Excerpts from a dataset
[Start of section]
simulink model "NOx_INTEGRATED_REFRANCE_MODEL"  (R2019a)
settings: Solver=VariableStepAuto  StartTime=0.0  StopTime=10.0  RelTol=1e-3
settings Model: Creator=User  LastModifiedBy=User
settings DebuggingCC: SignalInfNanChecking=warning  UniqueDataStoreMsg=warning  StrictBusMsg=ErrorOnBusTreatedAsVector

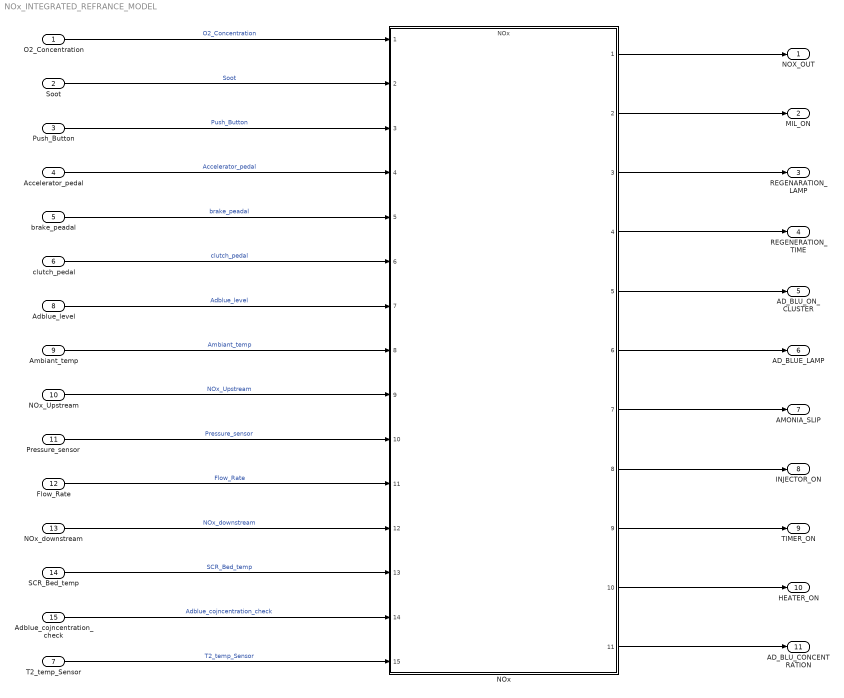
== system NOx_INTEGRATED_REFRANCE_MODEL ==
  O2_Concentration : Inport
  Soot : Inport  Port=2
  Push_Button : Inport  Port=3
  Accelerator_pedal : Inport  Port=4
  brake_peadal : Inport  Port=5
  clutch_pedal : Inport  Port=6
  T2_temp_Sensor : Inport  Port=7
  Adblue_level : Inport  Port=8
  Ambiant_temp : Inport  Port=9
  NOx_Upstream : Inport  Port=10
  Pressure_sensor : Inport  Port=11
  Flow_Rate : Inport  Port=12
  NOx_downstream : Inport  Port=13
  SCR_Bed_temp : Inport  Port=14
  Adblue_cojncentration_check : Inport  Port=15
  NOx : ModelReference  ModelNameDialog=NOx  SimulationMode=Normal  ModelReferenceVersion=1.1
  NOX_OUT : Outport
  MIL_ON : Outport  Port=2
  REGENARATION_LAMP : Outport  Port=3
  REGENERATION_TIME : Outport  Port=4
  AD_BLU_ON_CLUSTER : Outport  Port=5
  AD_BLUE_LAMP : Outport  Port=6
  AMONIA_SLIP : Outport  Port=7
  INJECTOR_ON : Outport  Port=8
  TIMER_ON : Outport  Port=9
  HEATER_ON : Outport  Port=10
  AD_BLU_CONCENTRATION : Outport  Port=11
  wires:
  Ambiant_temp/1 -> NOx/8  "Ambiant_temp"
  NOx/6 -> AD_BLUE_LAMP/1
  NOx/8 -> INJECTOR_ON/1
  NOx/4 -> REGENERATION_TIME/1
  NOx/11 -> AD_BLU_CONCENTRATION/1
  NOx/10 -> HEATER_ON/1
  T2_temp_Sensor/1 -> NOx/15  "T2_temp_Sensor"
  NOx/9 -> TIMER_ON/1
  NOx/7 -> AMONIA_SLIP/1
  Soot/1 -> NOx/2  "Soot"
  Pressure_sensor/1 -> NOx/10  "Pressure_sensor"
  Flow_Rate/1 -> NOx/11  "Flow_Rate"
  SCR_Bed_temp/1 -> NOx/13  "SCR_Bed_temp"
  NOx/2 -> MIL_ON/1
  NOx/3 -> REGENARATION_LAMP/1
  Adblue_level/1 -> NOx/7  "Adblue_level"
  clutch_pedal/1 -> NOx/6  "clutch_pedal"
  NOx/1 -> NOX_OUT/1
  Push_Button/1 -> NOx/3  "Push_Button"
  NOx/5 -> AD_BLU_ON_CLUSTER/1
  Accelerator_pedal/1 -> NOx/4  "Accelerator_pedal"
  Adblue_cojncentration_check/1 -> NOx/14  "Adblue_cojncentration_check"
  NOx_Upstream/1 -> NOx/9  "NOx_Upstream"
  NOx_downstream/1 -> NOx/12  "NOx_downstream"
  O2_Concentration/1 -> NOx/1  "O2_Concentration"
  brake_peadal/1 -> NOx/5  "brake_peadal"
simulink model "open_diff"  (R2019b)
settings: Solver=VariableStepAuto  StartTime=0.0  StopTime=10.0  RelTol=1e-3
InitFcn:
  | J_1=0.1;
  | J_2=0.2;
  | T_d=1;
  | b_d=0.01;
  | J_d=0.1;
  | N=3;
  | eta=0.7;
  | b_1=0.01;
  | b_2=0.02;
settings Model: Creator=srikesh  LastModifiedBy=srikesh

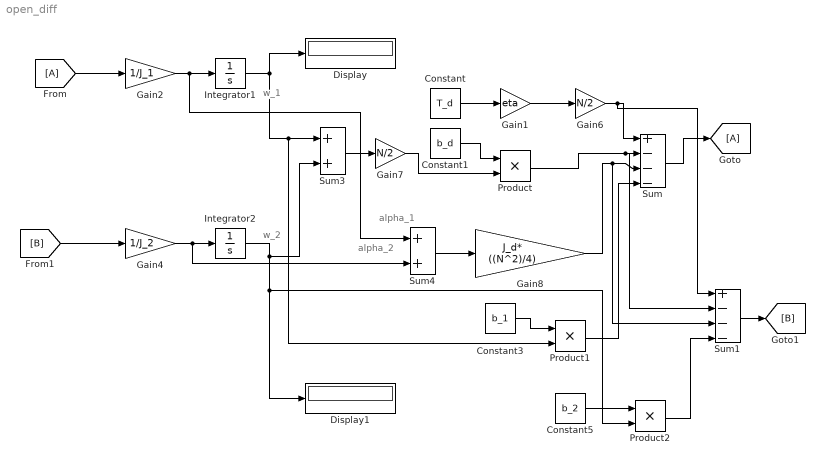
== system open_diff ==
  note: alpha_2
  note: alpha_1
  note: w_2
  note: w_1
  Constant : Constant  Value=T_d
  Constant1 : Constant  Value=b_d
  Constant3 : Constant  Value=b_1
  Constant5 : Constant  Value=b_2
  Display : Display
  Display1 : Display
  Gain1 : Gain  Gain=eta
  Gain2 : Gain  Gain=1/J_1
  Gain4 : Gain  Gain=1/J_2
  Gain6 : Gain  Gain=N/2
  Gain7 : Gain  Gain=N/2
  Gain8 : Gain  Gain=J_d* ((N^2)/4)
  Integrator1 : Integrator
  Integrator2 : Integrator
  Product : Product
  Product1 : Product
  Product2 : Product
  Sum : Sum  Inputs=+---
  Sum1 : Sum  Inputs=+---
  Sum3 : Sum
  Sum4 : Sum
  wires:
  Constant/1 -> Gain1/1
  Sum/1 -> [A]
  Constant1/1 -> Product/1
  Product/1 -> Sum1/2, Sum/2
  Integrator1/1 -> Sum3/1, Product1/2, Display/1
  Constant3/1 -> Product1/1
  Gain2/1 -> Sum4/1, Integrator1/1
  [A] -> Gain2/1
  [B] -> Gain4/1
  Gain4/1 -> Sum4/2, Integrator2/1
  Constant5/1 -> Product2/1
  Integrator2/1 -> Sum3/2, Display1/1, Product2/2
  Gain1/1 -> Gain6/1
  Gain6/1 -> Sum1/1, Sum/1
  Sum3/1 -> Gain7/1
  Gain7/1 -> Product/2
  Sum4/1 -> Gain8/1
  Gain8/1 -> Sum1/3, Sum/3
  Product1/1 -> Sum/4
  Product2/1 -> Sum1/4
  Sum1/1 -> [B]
[End of section]
> [Problem details]
Exactly the lines from the top of the entries through the line with "TIMER_ON : Outport", inclusive, must be given again, with every picture omitted.

> [Answer box]
simulink model "NOx_INTEGRATED_REFRANCE_MODEL"  (R2019a)
settings: Solver=VariableStepAuto  StartTime=0.0  StopTime=10.0  RelTol=1e-3
settings Model: Creator=User  LastModifiedBy=User
settings DebuggingCC: SignalInfNanChecking=warning  UniqueDataStoreMsg=warning  StrictBusMsg=ErrorOnBusTreatedAsVector

== system NOx_INTEGRATED_REFRANCE_MODEL ==
  O2_Concentration : Inport
  Soot : Inport  Port=2
  Push_Button : Inport  Port=3
  Accelerator_pedal : Inport  Port=4
  brake_peadal : Inport  Port=5
  clutch_pedal : Inport  Port=6
  T2_temp_Sensor : Inport  Port=7
  Adblue_level : Inport  Port=8
  Ambiant_temp : Inport  Port=9
  NOx_Upstream : Inport  Port=10
  Pressure_sensor : Inport  Port=11
  Flow_Rate : Inport  Port=12
  NOx_downstream : Inport  Port=13
  SCR_Bed_temp : Inport  Port=14
  Adblue_cojncentration_check : Inport  Port=15
  NOx : ModelReference  ModelNameDialog=NOx  SimulationMode=Normal  ModelReferenceVersion=1.1
  NOX_OUT : Outport
  MIL_ON : Outport  Port=2
  REGENARATION_LAMP : Outport  Port=3
  REGENERATION_TIME : Outport  Port=4
  AD_BLU_ON_CLUSTER : Outport  Port=5
  AD_BLUE_LAMP : Outport  Port=6
  AMONIA_SLIP : Outport  Port=7
  INJECTOR_ON : Outport  Port=8
  TIMER_ON : Outport  Port=9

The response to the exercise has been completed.